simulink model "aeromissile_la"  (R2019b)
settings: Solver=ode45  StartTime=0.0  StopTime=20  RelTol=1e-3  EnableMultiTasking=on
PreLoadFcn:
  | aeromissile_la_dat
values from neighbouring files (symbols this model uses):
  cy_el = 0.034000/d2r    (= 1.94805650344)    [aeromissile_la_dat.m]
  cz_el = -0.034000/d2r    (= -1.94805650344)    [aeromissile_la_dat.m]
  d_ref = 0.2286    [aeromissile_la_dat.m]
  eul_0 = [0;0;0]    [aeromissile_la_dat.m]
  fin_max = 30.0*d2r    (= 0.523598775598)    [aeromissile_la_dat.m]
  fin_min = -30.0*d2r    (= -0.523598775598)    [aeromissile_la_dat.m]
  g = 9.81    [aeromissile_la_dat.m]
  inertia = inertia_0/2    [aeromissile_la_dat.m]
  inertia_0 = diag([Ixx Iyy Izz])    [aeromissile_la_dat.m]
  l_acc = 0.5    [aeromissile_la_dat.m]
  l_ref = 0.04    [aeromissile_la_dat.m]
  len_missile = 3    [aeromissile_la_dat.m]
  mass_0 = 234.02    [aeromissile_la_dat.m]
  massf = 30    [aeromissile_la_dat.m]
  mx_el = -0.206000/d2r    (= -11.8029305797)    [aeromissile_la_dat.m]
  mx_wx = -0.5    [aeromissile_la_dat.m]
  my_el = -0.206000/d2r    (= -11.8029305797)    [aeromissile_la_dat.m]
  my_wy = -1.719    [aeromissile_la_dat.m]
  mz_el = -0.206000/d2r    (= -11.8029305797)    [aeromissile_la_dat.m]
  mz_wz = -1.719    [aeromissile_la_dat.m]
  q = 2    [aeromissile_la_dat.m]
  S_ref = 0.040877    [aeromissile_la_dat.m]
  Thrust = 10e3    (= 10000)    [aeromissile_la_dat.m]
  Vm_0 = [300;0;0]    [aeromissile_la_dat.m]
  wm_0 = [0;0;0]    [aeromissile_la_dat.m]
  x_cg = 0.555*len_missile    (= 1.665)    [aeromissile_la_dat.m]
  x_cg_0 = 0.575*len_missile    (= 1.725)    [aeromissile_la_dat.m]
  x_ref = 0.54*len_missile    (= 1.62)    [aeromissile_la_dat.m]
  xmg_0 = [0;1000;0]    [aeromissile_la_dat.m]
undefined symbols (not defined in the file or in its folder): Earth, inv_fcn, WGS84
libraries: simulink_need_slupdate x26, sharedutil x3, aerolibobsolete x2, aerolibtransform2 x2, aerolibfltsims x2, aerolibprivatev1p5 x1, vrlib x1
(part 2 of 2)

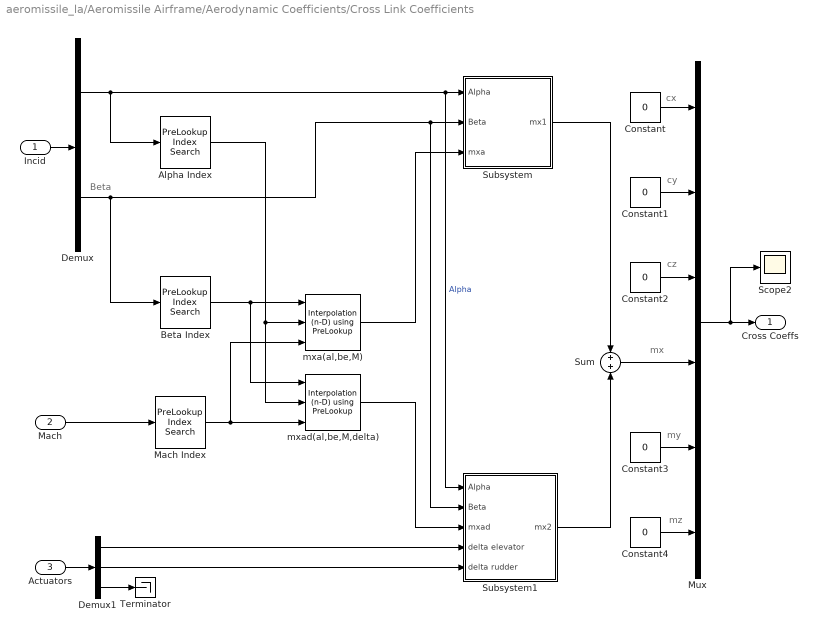
== system aeromissile_la/Aeromissile Airframe/Aerodynamic Coefficients/Cross Link Coefficients ==
  note: Beta
  note: cy
  note: cx
  note: cz
  note: mx
  note: my
  note: mz
  Incid : Inport
  Mach : Inport  Port=2
  Actuators : Inport  Port=3
  Alpha Index : simulink_need_slupdate/PreLookup Index Search  bpData=alpha_vec  searchMode=Binary Search  cacheBpFlag=on  outputFlag=off  IndexDataType=uint32  extrapMode=Linear Extrapolation  rangeErrorMode=None
      settings: SourceProductName=Simulink  SourceProductBaseCode=SL
  Beta Index : simulink_need_slupdate/PreLookup Index Search  bpData=beta_vec  searchMode=Binary Search  cacheBpFlag=on  outputFlag=off  IndexDataType=uint32  extrapMode=Linear Extrapolation  rangeErrorMode=None
      settings: SourceProductName=Simulink  SourceProductBaseCode=SL
  Constant{,1..4} (5 alike) : Constant  Value=0
  Demux : Demux  Outputs=2
  Demux1 : Demux  Outputs=3
  Mach Index : simulink_need_slupdate/PreLookup Index Search  bpData=Mach_vec  searchMode=Binary Search  cacheBpFlag=on  outputFlag=off  IndexDataType=uint32  extrapMode=Linear Extrapolation  rangeErrorMode=None
      settings: SourceProductName=Simulink  SourceProductBaseCode=SL
  Mux : Mux  Inputs=6
  Scope2 : Scope
  Subsystem : Subsystem
  Subsystem1 : Subsystem
  Sum : Sum  SaturateOnIntegerOverflow=on
  Terminator : Terminator
  mxa(al,be,M) : simulink_need_slupdate/Interpolation (n-D) using PreLookup  numDimsPopupSelect=3  explicitNumDims=2  table=mxa  interpMethod=Linear  extrapMethod=Linear  rangeErrorMode=None  NumSelectionDims=0
      settings: SourceProductName=Simulink  SourceProductBaseCode=SL
  mxad(al,be,M,delta) : simulink_need_slupdate/Interpolation (n-D) using PreLookup  numDimsPopupSelect=3  explicitNumDims=2  table=mxad  interpMethod=Linear  extrapMethod=Linear  rangeErrorMode=None  NumSelectionDims=0
      settings: SourceProductName=Simulink  SourceProductBaseCode=SL
  Cross Coeffs : Outport  InitialOutput=0
  wires:
  Mach/1 -> Mach Index/1
  Demux/1 -> Alpha Index/1, Subsystem/1(Alpha), Subsystem1/1(Alpha)  "Alpha"
  Demux/2 -> Beta Index/1, Subsystem/2(Beta), Subsystem1/2(Beta)
  Incid/1 -> Demux/1
  Constant/1 -> Mux/1
  Constant1/1 -> Mux/2
  Constant2/1 -> Mux/3
  Constant3/1 -> Mux/5
  Constant4/1 -> Mux/6
  Mux/1 -> Cross Coeffs/1, Scope2/1
  Alpha Index/1 -> mxa(al,be,M)/2, mxad(al,be,M,delta)/2
  Beta Index/1 -> mxa(al,be,M)/1, mxad(al,be,M,delta)/1
  Mach Index/1 -> mxad(al,be,M,delta)/3, mxa(al,be,M)/3
  Actuators/1 -> Demux1/1
  Demux1/1 -> Subsystem1/4(delta elevator)
  Demux1/2 -> Subsystem1/5(delta rudder)
  Demux1/3 -> Terminator/1
  Sum/1 -> Mux/4
  Subsystem/1(mx1) -> Sum/1
  mxa(al,be,M)/1 -> Subsystem/3(mxa)
  mxad(al,be,M,delta)/1 -> Subsystem1/3(mxad)
  Subsystem1/1(mx2) -> Sum/2

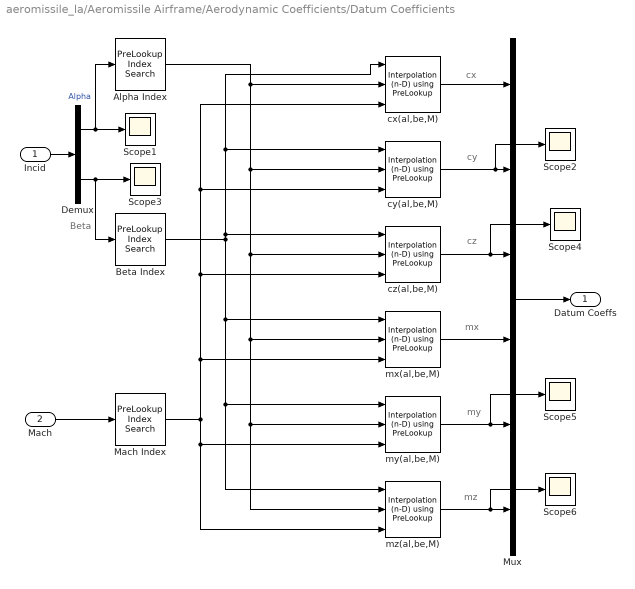
== system aeromissile_la/Aeromissile Airframe/Aerodynamic Coefficients/Datum Coefficients ==
  note: Beta
  note: cy
  note: cx
  note: cz
  note: mx
  note: my
  note: mz
  Incid : Inport
  Mach : Inport  Port=2
  Alpha Index : simulink_need_slupdate/PreLookup Index Search  bpData=alpha_vec  searchMode=Binary Search  cacheBpFlag=on  outputFlag=off  IndexDataType=uint32  extrapMode=Linear Extrapolation  rangeErrorMode=None
      settings: SourceProductName=Simulink  SourceProductBaseCode=SL
  Beta Index : simulink_need_slupdate/PreLookup Index Search  bpData=beta_vec  searchMode=Binary Search  cacheBpFlag=on  outputFlag=off  IndexDataType=uint32  extrapMode=Linear Extrapolation  rangeErrorMode=None
      settings: SourceProductName=Simulink  SourceProductBaseCode=SL
  Demux : Demux  Outputs=2
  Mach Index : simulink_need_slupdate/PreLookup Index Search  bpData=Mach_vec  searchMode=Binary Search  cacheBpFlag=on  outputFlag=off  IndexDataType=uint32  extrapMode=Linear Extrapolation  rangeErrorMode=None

TO DO: When you print the entries, keep every line exactly as it is and drop the pictures.

FINISHED EXERCISE:
simulink model "aeromissile_la"  (R2019b)
settings: Solver=ode45  StartTime=0.0  StopTime=20  RelTol=1e-3  EnableMultiTasking=on
PreLoadFcn:
  | aeromissile_la_dat
values from neighbouring files (symbols this model uses):
  cy_el = 0.034000/d2r    (= 1.94805650344)    [aeromissile_la_dat.m]
  cz_el = -0.034000/d2r    (= -1.94805650344)    [aeromissile_la_dat.m]
  d_ref = 0.2286    [aeromissile_la_dat.m]
  eul_0 = [0;0;0]    [aeromissile_la_dat.m]
  fin_max = 30.0*d2r    (= 0.523598775598)    [aeromissile_la_dat.m]
  fin_min = -30.0*d2r    (= -0.523598775598)    [aeromissile_la_dat.m]
  g = 9.81    [aeromissile_la_dat.m]
  inertia = inertia_0/2    [aeromissile_la_dat.m]
  inertia_0 = diag([Ixx Iyy Izz])    [aeromissile_la_dat.m]
  l_acc = 0.5    [aeromissile_la_dat.m]
  l_ref = 0.04    [aeromissile_la_dat.m]
  len_missile = 3    [aeromissile_la_dat.m]
  mass_0 = 234.02    [aeromissile_la_dat.m]
  massf = 30    [aeromissile_la_dat.m]
  mx_el = -0.206000/d2r    (= -11.8029305797)    [aeromissile_la_dat.m]
  mx_wx = -0.5    [aeromissile_la_dat.m]
  my_el = -0.206000/d2r    (= -11.8029305797)    [aeromissile_la_dat.m]
  my_wy = -1.719    [aeromissile_la_dat.m]
  mz_el = -0.206000/d2r    (= -11.8029305797)    [aeromissile_la_dat.m]
  mz_wz = -1.719    [aeromissile_la_dat.m]
  q = 2    [aeromissile_la_dat.m]
  S_ref = 0.040877    [aeromissile_la_dat.m]
  Thrust = 10e3    (= 10000)    [aeromissile_la_dat.m]
  Vm_0 = [300;0;0]    [aeromissile_la_dat.m]
  wm_0 = [0;0;0]    [aeromissile_la_dat.m]
  x_cg = 0.555*len_missile    (= 1.665)    [aeromissile_la_dat.m]
  x_cg_0 = 0.575*len_missile    (= 1.725)    [aeromissile_la_dat.m]
  x_ref = 0.54*len_missile    (= 1.62)    [aeromissile_la_dat.m]
  xmg_0 = [0;1000;0]    [aeromissile_la_dat.m]
undefined symbols (not defined in the file or in its folder): Earth, inv_fcn, WGS84
libraries: simulink_need_slupdate x26, sharedutil x3, aerolibobsolete x2, aerolibtransform2 x2, aerolibfltsims x2, aerolibprivatev1p5 x1, vrlib x1
(part 2 of 2)

== system aeromissile_la/Aeromissile Airframe/Aerodynamic Coefficients/Cross Link Coefficients ==
  note: Beta
  note: cy
  note: cx
  note: cz
  note: mx
  note: my
  note: mz
  Incid : Inport
  Mach : Inport  Port=2
  Actuators : Inport  Port=3
  Alpha Index : simulink_need_slupdate/PreLookup Index Search  bpData=alpha_vec  searchMode=Binary Search  cacheBpFlag=on  outputFlag=off  IndexDataType=uint32  extrapMode=Linear Extrapolation  rangeErrorMode=None
      settings: SourceProductName=Simulink  SourceProductBaseCode=SL
  Beta Index : simulink_need_slupdate/PreLookup Index Search  bpData=beta_vec  searchMode=Binary Search  cacheBpFlag=on  outputFlag=off  IndexDataType=uint32  extrapMode=Linear Extrapolation  rangeErrorMode=None
      settings: SourceProductName=Simulink  SourceProductBaseCode=SL
  Constant{,1..4} (5 alike) : Constant  Value=0
  Demux : Demux  Outputs=2
  Demux1 : Demux  Outputs=3
  Mach Index : simulink_need_slupdate/PreLookup Index Search  bpData=Mach_vec  searchMode=Binary Search  cacheBpFlag=on  outputFlag=off  IndexDataType=uint32  extrapMode=Linear Extrapolation  rangeErrorMode=None
      settings: SourceProductName=Simulink  SourceProductBaseCode=SL
  Mux : Mux  Inputs=6
  Scope2 : Scope
  Subsystem : Subsystem
  Subsystem1 : Subsystem
  Sum : Sum  SaturateOnIntegerOverflow=on
  Terminator : Terminator
  mxa(al,be,M) : simulink_need_slupdate/Interpolation (n-D) using PreLookup  numDimsPopupSelect=3  explicitNumDims=2  table=mxa  interpMethod=Linear  extrapMethod=Linear  rangeErrorMode=None  NumSelectionDims=0
      settings: SourceProductName=Simulink  SourceProductBaseCode=SL
  mxad(al,be,M,delta) : simulink_need_slupdate/Interpolation (n-D) using PreLookup  numDimsPopupSelect=3  explicitNumDims=2  table=mxad  interpMethod=Linear  extrapMethod=Linear  rangeErrorMode=None  NumSelectionDims=0
      settings: SourceProductName=Simulink  SourceProductBaseCode=SL
  Cross Coeffs : Outport  InitialOutput=0
  wires:
  Mach/1 -> Mach Index/1
  Demux/1 -> Alpha Index/1, Subsystem/1(Alpha), Subsystem1/1(Alpha)  "Alpha"
  Demux/2 -> Beta Index/1, Subsystem/2(Beta), Subsystem1/2(Beta)
  Incid/1 -> Demux/1
  Constant/1 -> Mux/1
  Constant1/1 -> Mux/2
  Constant2/1 -> Mux/3
  Constant3/1 -> Mux/5
  Constant4/1 -> Mux/6
  Mux/1 -> Cross Coeffs/1, Scope2/1
  Alpha Index/1 -> mxa(al,be,M)/2, mxad(al,be,M,delta)/2
  Beta Index/1 -> mxa(al,be,M)/1, mxad(al,be,M,delta)/1
  Mach Index/1 -> mxad(al,be,M,delta)/3, mxa(al,be,M)/3
  Actuators/1 -> Demux1/1
  Demux1/1 -> Subsystem1/4(delta elevator)
  Demux1/2 -> Subsystem1/5(delta rudder)
  Demux1/3 -> Terminator/1
  Sum/1 -> Mux/4
  Subsystem/1(mx1) -> Sum/1
  mxa(al,be,M)/1 -> Subsystem/3(mxa)
  mxad(al,be,M,delta)/1 -> Subsystem1/3(mxad)
  Subsystem1/1(mx2) -> Sum/2

== system aeromissile_la/Aeromissile Airframe/Aerodynamic Coefficients/Datum Coefficients ==
  note: Beta
  note: cy
  note: cx
  note: cz
  note: mx
  note: my
  note: mz
  Incid : Inport
  Mach : Inport  Port=2
  Alpha Index : simulink_need_slupdate/PreLookup Index Search  bpData=alpha_vec  searchMode=Binary Search  cacheBpFlag=on  outputFlag=off  IndexDataType=uint32  extrapMode=Linear Extrapolation  rangeErrorMode=None
      settings: SourceProductName=Simulink  SourceProductBaseCode=SL
  Beta Index : simulink_need_slupdate/PreLookup Index Search  bpData=beta_vec  searchMode=Binary Search  cacheBpFlag=on  outputFlag=off  IndexDataType=uint32  extrapMode=Linear Extrapolation  rangeErrorMode=None
      settings: SourceProductName=Simulink  SourceProductBaseCode=SL
  Demux : Demux  Outputs=2
  Mach Index : simulink_need_slupdate/PreLookup Index Search  bpData=Mach_vec  searchMode=Binary Search  cacheBpFlag=on  outputFlag=off  IndexDataType=uint32  extrapMode=Linear Extrapolation  rangeErrorMode=None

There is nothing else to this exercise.